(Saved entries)

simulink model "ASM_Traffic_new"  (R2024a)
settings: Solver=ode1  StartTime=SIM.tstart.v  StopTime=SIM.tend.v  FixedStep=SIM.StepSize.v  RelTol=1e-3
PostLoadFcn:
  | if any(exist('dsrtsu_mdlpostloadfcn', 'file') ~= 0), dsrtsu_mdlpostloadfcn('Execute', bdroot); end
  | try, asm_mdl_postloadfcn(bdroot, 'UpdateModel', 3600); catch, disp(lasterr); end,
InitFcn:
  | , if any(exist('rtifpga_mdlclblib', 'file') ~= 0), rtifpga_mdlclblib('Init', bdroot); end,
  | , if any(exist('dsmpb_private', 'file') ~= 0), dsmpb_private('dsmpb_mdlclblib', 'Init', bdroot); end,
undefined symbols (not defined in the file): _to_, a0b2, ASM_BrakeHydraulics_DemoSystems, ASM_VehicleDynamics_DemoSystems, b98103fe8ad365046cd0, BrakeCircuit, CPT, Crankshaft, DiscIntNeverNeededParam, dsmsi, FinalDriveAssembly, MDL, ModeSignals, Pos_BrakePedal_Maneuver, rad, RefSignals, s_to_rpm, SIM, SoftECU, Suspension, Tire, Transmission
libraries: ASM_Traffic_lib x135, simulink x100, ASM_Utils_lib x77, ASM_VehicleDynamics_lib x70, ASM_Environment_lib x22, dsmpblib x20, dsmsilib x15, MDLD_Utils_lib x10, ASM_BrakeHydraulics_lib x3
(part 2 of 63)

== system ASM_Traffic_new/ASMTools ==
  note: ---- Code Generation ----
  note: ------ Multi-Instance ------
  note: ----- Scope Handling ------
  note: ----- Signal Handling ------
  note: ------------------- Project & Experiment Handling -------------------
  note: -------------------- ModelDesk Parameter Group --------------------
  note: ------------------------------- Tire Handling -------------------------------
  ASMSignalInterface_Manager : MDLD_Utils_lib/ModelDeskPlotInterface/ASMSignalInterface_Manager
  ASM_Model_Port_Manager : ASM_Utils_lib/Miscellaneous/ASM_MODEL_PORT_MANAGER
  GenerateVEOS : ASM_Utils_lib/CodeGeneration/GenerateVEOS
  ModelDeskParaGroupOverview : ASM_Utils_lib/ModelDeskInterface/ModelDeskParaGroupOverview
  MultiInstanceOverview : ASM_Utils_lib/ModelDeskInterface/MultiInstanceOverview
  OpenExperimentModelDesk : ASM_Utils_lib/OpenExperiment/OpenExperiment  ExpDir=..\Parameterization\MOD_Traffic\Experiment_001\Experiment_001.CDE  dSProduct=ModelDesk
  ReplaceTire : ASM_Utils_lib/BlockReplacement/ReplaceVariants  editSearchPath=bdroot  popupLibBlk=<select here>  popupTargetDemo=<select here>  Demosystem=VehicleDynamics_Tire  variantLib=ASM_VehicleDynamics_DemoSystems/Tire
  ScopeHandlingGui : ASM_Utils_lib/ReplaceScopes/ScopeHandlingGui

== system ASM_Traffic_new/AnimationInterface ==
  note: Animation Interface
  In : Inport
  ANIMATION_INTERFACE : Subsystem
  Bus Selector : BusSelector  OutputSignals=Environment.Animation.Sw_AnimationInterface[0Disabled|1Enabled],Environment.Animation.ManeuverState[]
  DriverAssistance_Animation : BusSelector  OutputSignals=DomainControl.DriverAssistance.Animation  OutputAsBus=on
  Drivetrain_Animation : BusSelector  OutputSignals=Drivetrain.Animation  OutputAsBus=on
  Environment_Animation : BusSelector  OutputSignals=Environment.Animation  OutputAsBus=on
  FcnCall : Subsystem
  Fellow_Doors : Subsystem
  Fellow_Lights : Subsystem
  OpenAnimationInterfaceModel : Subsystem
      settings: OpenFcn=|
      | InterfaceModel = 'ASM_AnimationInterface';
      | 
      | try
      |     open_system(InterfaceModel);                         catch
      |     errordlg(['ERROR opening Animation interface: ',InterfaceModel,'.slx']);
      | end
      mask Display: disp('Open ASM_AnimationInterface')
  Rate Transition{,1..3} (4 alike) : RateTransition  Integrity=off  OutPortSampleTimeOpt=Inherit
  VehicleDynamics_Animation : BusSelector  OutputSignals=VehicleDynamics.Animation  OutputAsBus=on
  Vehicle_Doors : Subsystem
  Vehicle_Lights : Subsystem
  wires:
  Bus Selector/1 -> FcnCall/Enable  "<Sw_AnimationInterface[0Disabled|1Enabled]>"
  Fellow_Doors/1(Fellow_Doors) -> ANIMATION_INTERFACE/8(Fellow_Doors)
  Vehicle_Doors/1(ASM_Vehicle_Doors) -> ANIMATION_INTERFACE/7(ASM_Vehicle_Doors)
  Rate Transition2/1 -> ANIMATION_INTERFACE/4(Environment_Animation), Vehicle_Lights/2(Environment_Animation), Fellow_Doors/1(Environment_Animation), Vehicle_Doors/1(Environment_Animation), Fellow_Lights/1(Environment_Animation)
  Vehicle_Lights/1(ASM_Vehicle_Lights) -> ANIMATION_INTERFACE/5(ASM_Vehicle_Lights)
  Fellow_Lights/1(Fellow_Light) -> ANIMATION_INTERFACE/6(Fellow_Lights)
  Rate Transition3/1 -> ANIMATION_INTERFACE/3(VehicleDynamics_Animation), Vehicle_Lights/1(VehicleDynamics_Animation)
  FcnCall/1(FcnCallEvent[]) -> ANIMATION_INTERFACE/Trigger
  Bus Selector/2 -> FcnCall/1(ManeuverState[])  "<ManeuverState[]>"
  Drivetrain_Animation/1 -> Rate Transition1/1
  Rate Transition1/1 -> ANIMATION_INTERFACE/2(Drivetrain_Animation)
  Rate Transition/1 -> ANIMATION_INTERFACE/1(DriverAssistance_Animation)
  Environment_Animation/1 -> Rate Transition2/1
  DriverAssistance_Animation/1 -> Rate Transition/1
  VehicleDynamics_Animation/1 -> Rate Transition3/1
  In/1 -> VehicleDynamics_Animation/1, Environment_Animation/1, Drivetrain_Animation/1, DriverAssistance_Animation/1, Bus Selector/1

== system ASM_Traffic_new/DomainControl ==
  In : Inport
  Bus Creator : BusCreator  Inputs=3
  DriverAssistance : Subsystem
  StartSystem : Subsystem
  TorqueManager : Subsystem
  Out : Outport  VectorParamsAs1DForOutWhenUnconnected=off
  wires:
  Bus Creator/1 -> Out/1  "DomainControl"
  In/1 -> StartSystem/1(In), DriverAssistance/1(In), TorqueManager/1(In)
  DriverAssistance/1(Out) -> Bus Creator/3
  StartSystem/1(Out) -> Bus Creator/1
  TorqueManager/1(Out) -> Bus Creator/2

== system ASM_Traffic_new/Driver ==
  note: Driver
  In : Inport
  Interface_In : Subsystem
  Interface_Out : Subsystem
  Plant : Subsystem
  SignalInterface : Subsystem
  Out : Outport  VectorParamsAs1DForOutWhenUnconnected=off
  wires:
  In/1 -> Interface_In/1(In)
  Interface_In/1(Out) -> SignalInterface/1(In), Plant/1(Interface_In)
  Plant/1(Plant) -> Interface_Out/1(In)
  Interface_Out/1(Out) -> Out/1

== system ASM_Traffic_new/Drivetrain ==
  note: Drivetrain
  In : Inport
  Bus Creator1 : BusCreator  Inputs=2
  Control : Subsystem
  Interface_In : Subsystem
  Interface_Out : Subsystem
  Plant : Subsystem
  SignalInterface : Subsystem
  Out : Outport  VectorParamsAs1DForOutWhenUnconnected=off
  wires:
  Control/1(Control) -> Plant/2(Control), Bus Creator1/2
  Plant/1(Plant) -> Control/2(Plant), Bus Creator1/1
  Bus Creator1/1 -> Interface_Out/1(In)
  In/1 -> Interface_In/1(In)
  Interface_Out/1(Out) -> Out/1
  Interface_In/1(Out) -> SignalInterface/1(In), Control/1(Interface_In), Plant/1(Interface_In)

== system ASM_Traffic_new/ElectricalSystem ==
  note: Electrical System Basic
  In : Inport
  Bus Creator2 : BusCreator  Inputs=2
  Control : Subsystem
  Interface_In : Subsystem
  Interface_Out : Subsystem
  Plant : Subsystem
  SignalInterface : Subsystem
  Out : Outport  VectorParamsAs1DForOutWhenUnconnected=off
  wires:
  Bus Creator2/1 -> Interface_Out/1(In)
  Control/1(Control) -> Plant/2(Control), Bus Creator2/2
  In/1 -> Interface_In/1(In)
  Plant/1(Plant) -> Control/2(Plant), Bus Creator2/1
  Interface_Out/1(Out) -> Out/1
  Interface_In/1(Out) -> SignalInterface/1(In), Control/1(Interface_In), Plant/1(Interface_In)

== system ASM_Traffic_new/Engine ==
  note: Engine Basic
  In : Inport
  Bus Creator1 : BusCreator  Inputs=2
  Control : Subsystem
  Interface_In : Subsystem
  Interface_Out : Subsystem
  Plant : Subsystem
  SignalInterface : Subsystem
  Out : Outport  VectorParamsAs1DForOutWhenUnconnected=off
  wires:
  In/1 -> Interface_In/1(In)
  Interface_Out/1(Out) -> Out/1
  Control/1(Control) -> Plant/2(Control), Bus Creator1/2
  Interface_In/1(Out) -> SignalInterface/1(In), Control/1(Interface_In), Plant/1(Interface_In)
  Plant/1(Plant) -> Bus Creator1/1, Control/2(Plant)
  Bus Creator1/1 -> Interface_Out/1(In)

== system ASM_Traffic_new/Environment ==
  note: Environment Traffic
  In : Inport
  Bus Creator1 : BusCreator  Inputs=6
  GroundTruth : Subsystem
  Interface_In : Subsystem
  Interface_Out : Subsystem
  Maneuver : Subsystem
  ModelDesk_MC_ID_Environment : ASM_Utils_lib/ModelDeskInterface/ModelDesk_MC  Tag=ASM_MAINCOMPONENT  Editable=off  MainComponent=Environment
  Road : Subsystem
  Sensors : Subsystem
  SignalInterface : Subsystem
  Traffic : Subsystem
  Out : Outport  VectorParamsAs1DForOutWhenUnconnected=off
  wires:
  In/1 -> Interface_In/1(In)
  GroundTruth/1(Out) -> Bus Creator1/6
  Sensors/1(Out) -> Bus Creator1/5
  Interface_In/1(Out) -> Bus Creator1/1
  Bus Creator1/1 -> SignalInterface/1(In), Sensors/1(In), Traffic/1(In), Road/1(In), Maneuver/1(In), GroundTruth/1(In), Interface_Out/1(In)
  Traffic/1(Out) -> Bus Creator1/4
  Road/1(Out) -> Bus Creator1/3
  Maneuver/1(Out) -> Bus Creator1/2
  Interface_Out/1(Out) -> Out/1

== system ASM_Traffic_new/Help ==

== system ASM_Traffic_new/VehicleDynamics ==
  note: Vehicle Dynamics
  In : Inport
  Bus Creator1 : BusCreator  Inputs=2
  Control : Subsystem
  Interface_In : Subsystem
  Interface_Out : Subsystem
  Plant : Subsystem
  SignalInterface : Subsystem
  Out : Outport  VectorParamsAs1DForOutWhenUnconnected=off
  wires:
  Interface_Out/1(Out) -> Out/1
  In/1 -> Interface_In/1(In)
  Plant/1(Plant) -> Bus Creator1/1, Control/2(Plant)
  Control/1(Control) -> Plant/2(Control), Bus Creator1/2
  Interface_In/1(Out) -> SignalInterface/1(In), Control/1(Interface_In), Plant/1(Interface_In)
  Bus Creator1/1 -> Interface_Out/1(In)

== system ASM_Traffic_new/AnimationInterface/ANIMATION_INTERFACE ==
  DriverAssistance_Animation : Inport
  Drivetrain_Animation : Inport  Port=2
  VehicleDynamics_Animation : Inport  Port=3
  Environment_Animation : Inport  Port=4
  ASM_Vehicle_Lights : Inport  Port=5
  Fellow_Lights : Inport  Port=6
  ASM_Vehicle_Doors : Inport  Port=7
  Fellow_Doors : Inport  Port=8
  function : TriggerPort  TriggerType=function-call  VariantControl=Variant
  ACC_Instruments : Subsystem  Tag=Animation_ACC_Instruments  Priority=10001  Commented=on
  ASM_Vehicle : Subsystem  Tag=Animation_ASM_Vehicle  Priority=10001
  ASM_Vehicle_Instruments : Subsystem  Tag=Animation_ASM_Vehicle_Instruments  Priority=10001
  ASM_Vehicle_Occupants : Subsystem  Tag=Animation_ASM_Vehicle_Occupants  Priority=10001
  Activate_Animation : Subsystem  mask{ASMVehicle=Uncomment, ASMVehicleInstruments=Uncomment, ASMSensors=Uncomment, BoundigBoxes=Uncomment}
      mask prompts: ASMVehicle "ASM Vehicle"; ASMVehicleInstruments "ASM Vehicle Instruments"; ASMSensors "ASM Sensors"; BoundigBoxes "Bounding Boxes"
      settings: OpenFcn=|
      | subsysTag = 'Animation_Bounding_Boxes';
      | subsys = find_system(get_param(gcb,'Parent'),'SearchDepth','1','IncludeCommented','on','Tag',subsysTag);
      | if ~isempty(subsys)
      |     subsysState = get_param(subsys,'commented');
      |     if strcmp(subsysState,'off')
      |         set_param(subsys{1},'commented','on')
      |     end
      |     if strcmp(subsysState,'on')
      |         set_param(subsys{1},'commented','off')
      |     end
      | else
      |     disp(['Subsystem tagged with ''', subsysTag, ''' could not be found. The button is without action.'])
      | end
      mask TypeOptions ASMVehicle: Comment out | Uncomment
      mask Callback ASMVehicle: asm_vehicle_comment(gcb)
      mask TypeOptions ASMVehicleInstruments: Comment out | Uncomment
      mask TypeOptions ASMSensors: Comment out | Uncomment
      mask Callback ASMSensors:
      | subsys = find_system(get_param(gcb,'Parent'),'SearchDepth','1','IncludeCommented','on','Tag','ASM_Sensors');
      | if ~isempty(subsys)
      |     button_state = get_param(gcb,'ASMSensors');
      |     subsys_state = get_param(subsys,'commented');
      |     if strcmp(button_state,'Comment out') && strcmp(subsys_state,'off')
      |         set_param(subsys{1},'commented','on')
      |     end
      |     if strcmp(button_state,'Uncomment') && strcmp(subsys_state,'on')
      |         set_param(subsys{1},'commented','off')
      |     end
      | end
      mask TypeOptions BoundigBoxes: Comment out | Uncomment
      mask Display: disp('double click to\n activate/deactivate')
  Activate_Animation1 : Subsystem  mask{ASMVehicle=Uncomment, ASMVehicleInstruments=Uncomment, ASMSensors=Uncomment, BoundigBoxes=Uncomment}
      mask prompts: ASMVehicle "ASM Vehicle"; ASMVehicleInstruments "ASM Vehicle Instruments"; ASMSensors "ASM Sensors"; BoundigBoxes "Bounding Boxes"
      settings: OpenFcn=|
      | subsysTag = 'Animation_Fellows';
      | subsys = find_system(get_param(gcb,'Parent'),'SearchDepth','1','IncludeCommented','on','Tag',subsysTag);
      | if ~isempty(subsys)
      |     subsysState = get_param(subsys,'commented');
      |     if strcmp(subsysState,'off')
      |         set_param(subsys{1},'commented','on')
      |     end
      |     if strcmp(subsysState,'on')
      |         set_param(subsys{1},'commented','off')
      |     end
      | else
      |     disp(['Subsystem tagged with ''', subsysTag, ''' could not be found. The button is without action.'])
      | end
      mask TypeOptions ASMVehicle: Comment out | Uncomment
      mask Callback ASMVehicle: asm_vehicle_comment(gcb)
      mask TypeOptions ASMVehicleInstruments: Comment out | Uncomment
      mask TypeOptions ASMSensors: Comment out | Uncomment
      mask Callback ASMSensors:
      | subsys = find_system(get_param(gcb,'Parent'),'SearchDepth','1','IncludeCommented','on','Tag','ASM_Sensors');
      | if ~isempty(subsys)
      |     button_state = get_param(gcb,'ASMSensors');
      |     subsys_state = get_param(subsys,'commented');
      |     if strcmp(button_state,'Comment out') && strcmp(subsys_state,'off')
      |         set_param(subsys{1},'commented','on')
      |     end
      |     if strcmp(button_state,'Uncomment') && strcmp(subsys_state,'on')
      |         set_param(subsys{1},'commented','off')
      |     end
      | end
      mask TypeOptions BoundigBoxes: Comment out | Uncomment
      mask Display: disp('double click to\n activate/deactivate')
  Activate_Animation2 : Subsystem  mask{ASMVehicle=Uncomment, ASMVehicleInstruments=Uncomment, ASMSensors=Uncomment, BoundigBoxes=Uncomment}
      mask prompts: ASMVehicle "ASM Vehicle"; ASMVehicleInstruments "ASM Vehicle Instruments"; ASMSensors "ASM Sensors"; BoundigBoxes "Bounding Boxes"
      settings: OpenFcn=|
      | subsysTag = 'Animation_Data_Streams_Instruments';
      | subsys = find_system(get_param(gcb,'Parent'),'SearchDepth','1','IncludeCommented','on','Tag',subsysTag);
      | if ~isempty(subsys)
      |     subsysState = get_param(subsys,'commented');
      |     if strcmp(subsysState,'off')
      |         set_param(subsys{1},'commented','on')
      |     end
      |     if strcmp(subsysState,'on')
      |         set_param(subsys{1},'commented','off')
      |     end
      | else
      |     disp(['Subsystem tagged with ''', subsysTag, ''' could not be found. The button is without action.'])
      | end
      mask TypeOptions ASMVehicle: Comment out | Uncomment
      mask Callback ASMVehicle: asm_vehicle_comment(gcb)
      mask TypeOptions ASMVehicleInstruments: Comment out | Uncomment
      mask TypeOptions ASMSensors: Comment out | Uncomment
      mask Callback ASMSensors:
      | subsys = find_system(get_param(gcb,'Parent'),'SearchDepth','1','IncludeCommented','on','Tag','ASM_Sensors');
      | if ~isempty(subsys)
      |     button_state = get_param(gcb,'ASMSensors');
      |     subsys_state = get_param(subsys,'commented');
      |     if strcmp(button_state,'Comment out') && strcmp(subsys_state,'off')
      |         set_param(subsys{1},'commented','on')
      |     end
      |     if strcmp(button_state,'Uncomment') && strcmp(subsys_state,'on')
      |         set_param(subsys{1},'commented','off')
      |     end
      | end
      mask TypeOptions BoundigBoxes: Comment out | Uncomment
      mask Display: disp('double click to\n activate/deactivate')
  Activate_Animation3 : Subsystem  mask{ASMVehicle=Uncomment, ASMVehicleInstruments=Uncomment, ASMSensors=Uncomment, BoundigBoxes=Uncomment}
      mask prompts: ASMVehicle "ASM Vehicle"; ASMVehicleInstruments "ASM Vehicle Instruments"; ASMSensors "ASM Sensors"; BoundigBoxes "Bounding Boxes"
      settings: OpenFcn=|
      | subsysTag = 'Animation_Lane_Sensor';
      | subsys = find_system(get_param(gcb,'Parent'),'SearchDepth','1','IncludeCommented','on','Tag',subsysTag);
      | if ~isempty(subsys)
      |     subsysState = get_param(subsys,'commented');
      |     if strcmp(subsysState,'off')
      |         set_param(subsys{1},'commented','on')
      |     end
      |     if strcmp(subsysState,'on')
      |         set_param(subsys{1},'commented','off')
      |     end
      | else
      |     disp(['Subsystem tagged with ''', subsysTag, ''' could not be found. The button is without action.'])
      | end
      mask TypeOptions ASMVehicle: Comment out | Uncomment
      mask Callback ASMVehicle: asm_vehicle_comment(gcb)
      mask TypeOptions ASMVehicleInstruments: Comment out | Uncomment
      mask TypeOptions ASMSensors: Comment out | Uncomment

What is needed → Please copy every line of the data that carries the string "StartSystem".

Task response →
  StartSystem : Subsystem
  In/1 -> StartSystem/1(In), DriverAssistance/1(In), TorqueManager/1(In)
  StartSystem/1(Out) -> Bus Creator/1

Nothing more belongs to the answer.